Of course, the universe was much smaller in 1993…
So I looked for specific proteins of about that length that were highly conserved in nature, i.e., had the highest % sequence homology being the most distantly related species, like between humans and yeast (still a eukaryotic cell), like the H4 protein of histones, and argue that the chances of that protein coming about by chance are so astronomically low as to prove the need for intelligent design, i.e., God.
Well, there’s a couple things wrong with that argument. Sure, if that was the only protein that could fit the bill, then yes, I think that would be a pretty good argument. BTW, no one knows why (according to the link above) that the H4 histone protein is virtually invariant across species. Its one of the proteins that allows DNA to coil and so is found only in eukaryotic cells, per se, which have a lot of DNA. And it, thus, plays a pretty critical role in allowing more DNA in those cells than simple circular plasmids and other arrangements of DNA in bacteria cells.

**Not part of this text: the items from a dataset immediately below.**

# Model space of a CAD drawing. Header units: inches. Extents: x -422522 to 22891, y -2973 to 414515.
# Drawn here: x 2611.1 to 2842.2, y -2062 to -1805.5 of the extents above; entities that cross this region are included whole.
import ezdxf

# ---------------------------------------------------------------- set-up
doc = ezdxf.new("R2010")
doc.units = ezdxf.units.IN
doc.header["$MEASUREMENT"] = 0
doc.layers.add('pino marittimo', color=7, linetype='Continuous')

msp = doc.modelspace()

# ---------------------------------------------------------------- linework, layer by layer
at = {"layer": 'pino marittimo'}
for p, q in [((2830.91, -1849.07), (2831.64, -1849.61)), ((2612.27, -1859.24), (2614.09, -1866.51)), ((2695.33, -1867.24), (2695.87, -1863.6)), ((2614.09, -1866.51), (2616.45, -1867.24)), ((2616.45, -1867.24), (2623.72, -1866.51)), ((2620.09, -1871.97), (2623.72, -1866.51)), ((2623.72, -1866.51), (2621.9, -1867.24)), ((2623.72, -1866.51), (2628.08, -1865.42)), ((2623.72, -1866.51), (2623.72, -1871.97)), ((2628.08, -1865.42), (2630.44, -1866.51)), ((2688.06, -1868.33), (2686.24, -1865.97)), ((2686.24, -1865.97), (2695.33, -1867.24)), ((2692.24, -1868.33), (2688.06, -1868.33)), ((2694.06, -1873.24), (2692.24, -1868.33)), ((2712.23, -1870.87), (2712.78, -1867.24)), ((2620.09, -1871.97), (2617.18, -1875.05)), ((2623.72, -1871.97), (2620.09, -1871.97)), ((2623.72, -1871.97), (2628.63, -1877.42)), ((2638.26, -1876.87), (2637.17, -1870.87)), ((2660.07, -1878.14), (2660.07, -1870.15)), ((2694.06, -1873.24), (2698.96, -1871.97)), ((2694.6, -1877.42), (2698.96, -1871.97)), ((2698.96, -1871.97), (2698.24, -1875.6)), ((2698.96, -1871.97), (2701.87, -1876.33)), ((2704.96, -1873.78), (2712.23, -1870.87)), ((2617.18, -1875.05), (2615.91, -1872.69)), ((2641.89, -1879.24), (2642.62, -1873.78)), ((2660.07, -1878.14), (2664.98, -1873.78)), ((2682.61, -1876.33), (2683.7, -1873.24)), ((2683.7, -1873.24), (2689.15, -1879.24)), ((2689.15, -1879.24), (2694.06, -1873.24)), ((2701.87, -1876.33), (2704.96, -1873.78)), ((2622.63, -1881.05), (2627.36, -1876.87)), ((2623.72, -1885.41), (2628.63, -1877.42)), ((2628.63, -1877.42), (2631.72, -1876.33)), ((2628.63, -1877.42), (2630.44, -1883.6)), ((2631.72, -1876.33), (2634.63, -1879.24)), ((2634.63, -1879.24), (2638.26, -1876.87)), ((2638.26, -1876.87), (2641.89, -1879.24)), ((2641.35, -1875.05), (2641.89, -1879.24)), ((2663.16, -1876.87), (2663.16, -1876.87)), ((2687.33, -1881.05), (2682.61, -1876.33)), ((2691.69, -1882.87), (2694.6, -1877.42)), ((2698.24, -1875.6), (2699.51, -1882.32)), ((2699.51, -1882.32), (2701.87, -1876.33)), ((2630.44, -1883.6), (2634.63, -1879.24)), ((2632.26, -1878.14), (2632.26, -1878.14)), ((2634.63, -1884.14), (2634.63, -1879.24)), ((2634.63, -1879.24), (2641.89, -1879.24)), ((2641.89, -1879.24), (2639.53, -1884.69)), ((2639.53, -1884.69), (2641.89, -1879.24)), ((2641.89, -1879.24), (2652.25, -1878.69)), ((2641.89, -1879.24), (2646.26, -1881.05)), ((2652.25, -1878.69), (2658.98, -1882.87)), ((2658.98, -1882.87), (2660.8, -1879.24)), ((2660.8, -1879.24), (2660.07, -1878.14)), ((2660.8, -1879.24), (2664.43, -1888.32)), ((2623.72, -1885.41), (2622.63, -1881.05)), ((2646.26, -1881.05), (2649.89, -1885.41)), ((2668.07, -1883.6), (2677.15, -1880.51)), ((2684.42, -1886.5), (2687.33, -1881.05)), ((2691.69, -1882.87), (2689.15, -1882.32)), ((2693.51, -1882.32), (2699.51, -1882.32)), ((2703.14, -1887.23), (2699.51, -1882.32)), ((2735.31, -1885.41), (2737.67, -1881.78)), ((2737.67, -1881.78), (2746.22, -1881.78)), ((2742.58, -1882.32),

One of the things wrong with that argument, however, is that there may be an ocean (not literally, but enormous number) of totally unrelated protein primary structures (linear amino acid sequences) that could have the same shape (assuming shape alone was the critical thing), even though once that sequence is encoded in the DNA it remains invariant. For example, imagine you have a big hollow plastic key, like a kid’s toy key. Protein specificity is often described as a lock and key type mechanism. Now image a thin string a couple feet long would fill that key if pushed through a hole in the hollow key. How many different way do you think you could push that string into the key and never have it fold the same way twice? It would probably be and endless number of times. Or lets just say you’d be saying “ew” and “ahhh” before we ever reached the same way twice. Yet, for every one of those endless times, the string folded in the exact same critical key shape.
So, there is nothing to say that the proteins that exist today had to have linear sequences like they now do–an ocean or maybe a galaxy of other primary sequences could form the same shape. Of course it isn’t just shape that matters but the position of + and - charges, hydophobic regions, hydrophilic regions, steric hinderances, etc., possess by the different amino acids and their properties. But, the analogy still applies.
Note that there are multiple carbonic anhydrase protein enzymes that have almost no sequence similarity because they evolved independently.
There is also the fact that the key evolves along with whatever “lock” it fits into, in our analogy. So, there is nothing to say that the key has to fit a particular “lock” that exists today.
So, you are exactly right, Kyle.
I didn’t see the weakness in these former ID theory-related arguments of mine until I saw and was convinced by the new molecular evidence for evolution.